I have been thinking about Café Terrace at Night a lot lately because we keep getting requests for night scenes in the custom kit form. People want their own café, their own street, their own porch with a lantern on. They are reaching for the same effect Van Gogh chased in Arles. So this article is the long version of what I tell them.
What does the painting actually show?
A café terrace at night. The building's front is washed yellow under a single huge gas lantern. Customers sit at tables on the cobblestones, talking, drinking. A waiter or server stands among them. The street curves away into a deep blue alley with a small horse-drawn cart in the distance. Above all of it, a sky stippled with stars.
The setting is real. The café was on the Place du Forum in Arles, in the south of France, where Van Gogh had moved earlier in 1888 chasing what he called the southern light. The site still exists. It has been remodelled and rebranded as "Cafe Van Gogh," which is a tourist trap. The 1888 building is still recognisable in the bones, but the warm yellow light he painted is now a marketing palette.
The Van Gogh Museum confirms the location and the date with a beautifully nerdy piece of detective work. Astronomers compared the star positions Van Gogh painted to historical sky data and pinned the night to 16 or 17 September 1888 (Where is Van Gogh's Terrace of a Café at Night?, Van Gogh Museum, n.d., retrieved May 2026). He painted what he saw, including Ursa Major hanging over the rooftops.
Why does the painting feel so warm, given the absence of black?
This is the part that floors me every time I think about it. There is no black on the canvas. None. Van Gogh worked the entire night scene out of yellows, oranges, blues, violets, and greens. Where you think you see black (the dark windows, the deep alley, the shadow under the awning) you are actually seeing very dark blue or blue-violet, applied next to its complementary colour to read as shadow.
He told his sister Willemien about it in a letter from 9 September 1888, while the canvas was either being planned or in early stages. The Van Gogh Letters Project preserves the exchange. He wrote about painting "the night even more richly coloured than the day, coloured in the most intense violets, blues and greens." He went on: "Now there's a painting of night without black. With nothing but beautiful blue, violet and green" (Letter 678 to Willemien van Gogh, Van Gogh Letters Project, 9 and about 14 September 1888, retrieved May 2026). And the line I find most useful as a painter: "A huge yellow lantern lights the terrace, the façade, the pavement, and even projects light over the cobblestones."
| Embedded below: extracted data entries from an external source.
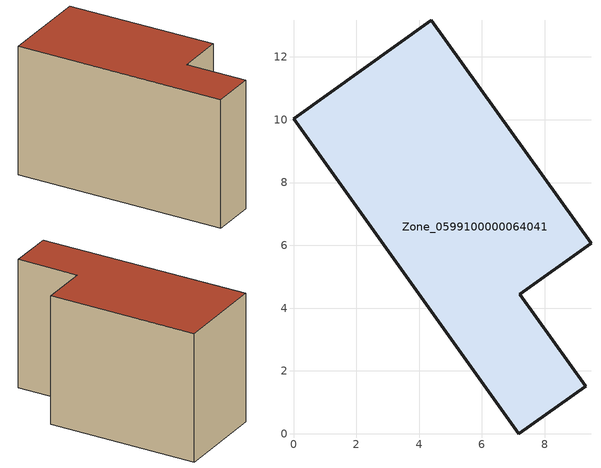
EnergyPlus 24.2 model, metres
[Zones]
Zone_0599100000064041
 floor ground (C_G): 0,10.03 4.38,13.17 9.47,6.07 7.21,4.45 9.3,1.51 7.18,0 z0
 wall outside (C_F): 4.38,13.17 0,10.03 7.18,0 9.3,1.51 7.21,4.45 9.47,6.07 4.38,13.17 z0:7.58
 roof outside (C_R): 0,10.03 7.18,0 9.3,1.51 7.21,4.45 9.47,6.07 4.38,13.17 z7.58
[BUILDING]
Pand.0599100000064041: North Axis=0; Terrain=City; Loads Convergence Tolerance Value=0.04; Temperature Convergence Tolerance Value=0.4; Solar Distribution=FullExterior; Maximum Number of Warmup Days=25; Minimum Number of Warmup Days=1
[Site:Location]
Rotterdam.The.Hague.AP_ZH_NLD Design_Conditions: Latitude=51.96; Longitude=4.45; Time Zone=1; Elevation=-4.5
[SITE:GROUNDTEMPERATURE:BUILDINGSURFACE]
18, 18, 18, 18, 18, 18, 18, 18, 18, 18, 18, 18
[MATERIAL] Thermal Absorptance=0.9; Solar Absorptance=0.7; Visible Absorptance=0.7
Name | Roughness | Thickness | Conductivity | Density | Specific Heat
G.TI.1975-1991 | MediumSmooth | 0.15 | 0.288461 | 540 | 1210
F.TI.1975-1991 | Rough | 0.3 | 0.230769 | 1920 | 840
R.TI.1975-1991 | MediumRough | 0.2 | 0.153846 | 1500 | 1000
[CONSTRUCTION]
C_G: G.TI.1975-1991
C_F: F.TI.1975-1991
C_R: R.TI.1975-1991
[ZONE]
Zone_0599100000064041: Type=1; Multiplier=1; Ceiling Height=Autocalculate; Volume=Autocalculate; Floor Area=autocalculate; Part of Total Floor Area=Yes
[ZONEINFILTRATION:DESIGNFLOWRATE]
Infil_Zone_0599100000064041: Zone or ZoneList or Space or SpaceList=Zone_0599100000064041; Schedule=AlwaysOn; Design Flow Rate Calculation Method=Flow/Area; Flow Rate per Floor Area=0.003; Constant Term Coefficient=1; Temperature Term Coefficient=0; Velocity Term Coefficient=0; Velocity Squared Term Coefficient=0
[HVACTEMPLATE:ZONE:IDEALLOADSAIRSYSTEM]
Zone_0599100000064041: Maximum Heating Supply Air Temperature=50; Minimum Cooling Supply Air Temperature=13; Maximum Heating Supply Air Humidity Ratio=0.0156; Minimum Cooling Supply Air Humidity Ratio=0.0077; Heating Limit=NoLimit; Cooling Limit=NoLimit; Dehumidification Control Type=ConstantSensibleHeatRatio; Cooling Sensible Heat Ratio=0.7; Dehumidification Setpoint=60; Humidification Control Type=None; Humidification Setpoint=30; Outdoor Air Method=None; Outdoor Air Flow Rate per Person=0.00944; Outdoor Air Flow Rate per Zone Floor Area=0; Outdoor Air Flow Rate per Zone=0; Demand Controlled Ventilation Type=None; Outdoor Air Economizer Type=NoEconomizer; Heat Recovery Type=None; Sensible Heat Recovery Effectiveness=0.7; Latent Heat Recovery Effectiveness=0.65
[ZONECONTROL:THERMOSTAT]
ThermostatControl_Zone_0599100000064041: Zone or ZoneList=Zone_0599100000064041; Control Type Schedule=DualSetpointControlType; Control 1=Thermostat_Zone_0599100000064041; Temperature Difference Between Cutout And Setpoint=0
[THERMOSTATSETPOINT:DUALSETPOINT]
Thermostat_Zone_0599100000064041: Heating Setpoint Temperature Schedule=HeatingSetpoint_Zone_0599100000064041; Cooling Setpoint Temperature Schedule=CoolingSetpoint_Zone_0599100000064041
[SCHEDULE:COMPACT]
HeatingSetpoint_Zone_0599100000064041: Through: 12/31, For: AllDays, Until: 24:00, 21
CoolingSetpoint_Zone_0599100000064041: Through: 12/31, For: AllDays, Until: 24:00, 24
DualSetpointControlType: Through: 12/31, For: AllDays, Until: 24:00, 4
AlwaysOn: Through: 12/31, For: AllDays, Until: 24:00, 1

That sentence is essentially the painting in words. Big yellow lantern. Light flooding the terrace and the façade. Light bouncing off the pavement. The entire visual logic of the painting is a single source of warm artificial light pushed against an almost monochromatic blue sky. The contrast does the work that black usually does.
How did he paint it on-site at night?
This is the part everyone asks about. How does anyone paint outdoors at night, with a wet canvas, by gas-lamp? Van Gogh's answer was practical and a little weird. He set up at the edge of the terrace, with a candle or lamp on his hat, and he worked from direct observation.
He had tried this technique a few times that summer. It is the same approach he used for Starry Night Over the Rhône, painted earlier the same month, and similar in spirit to The Starry Night (the famous swirling-sky painting), which came a year later from his asylum room in Saint-Rémy. The Arles night paintings are sometimes called the "yellow-and-blue" paintings, because of how aggressively he leaned on that one colour pair.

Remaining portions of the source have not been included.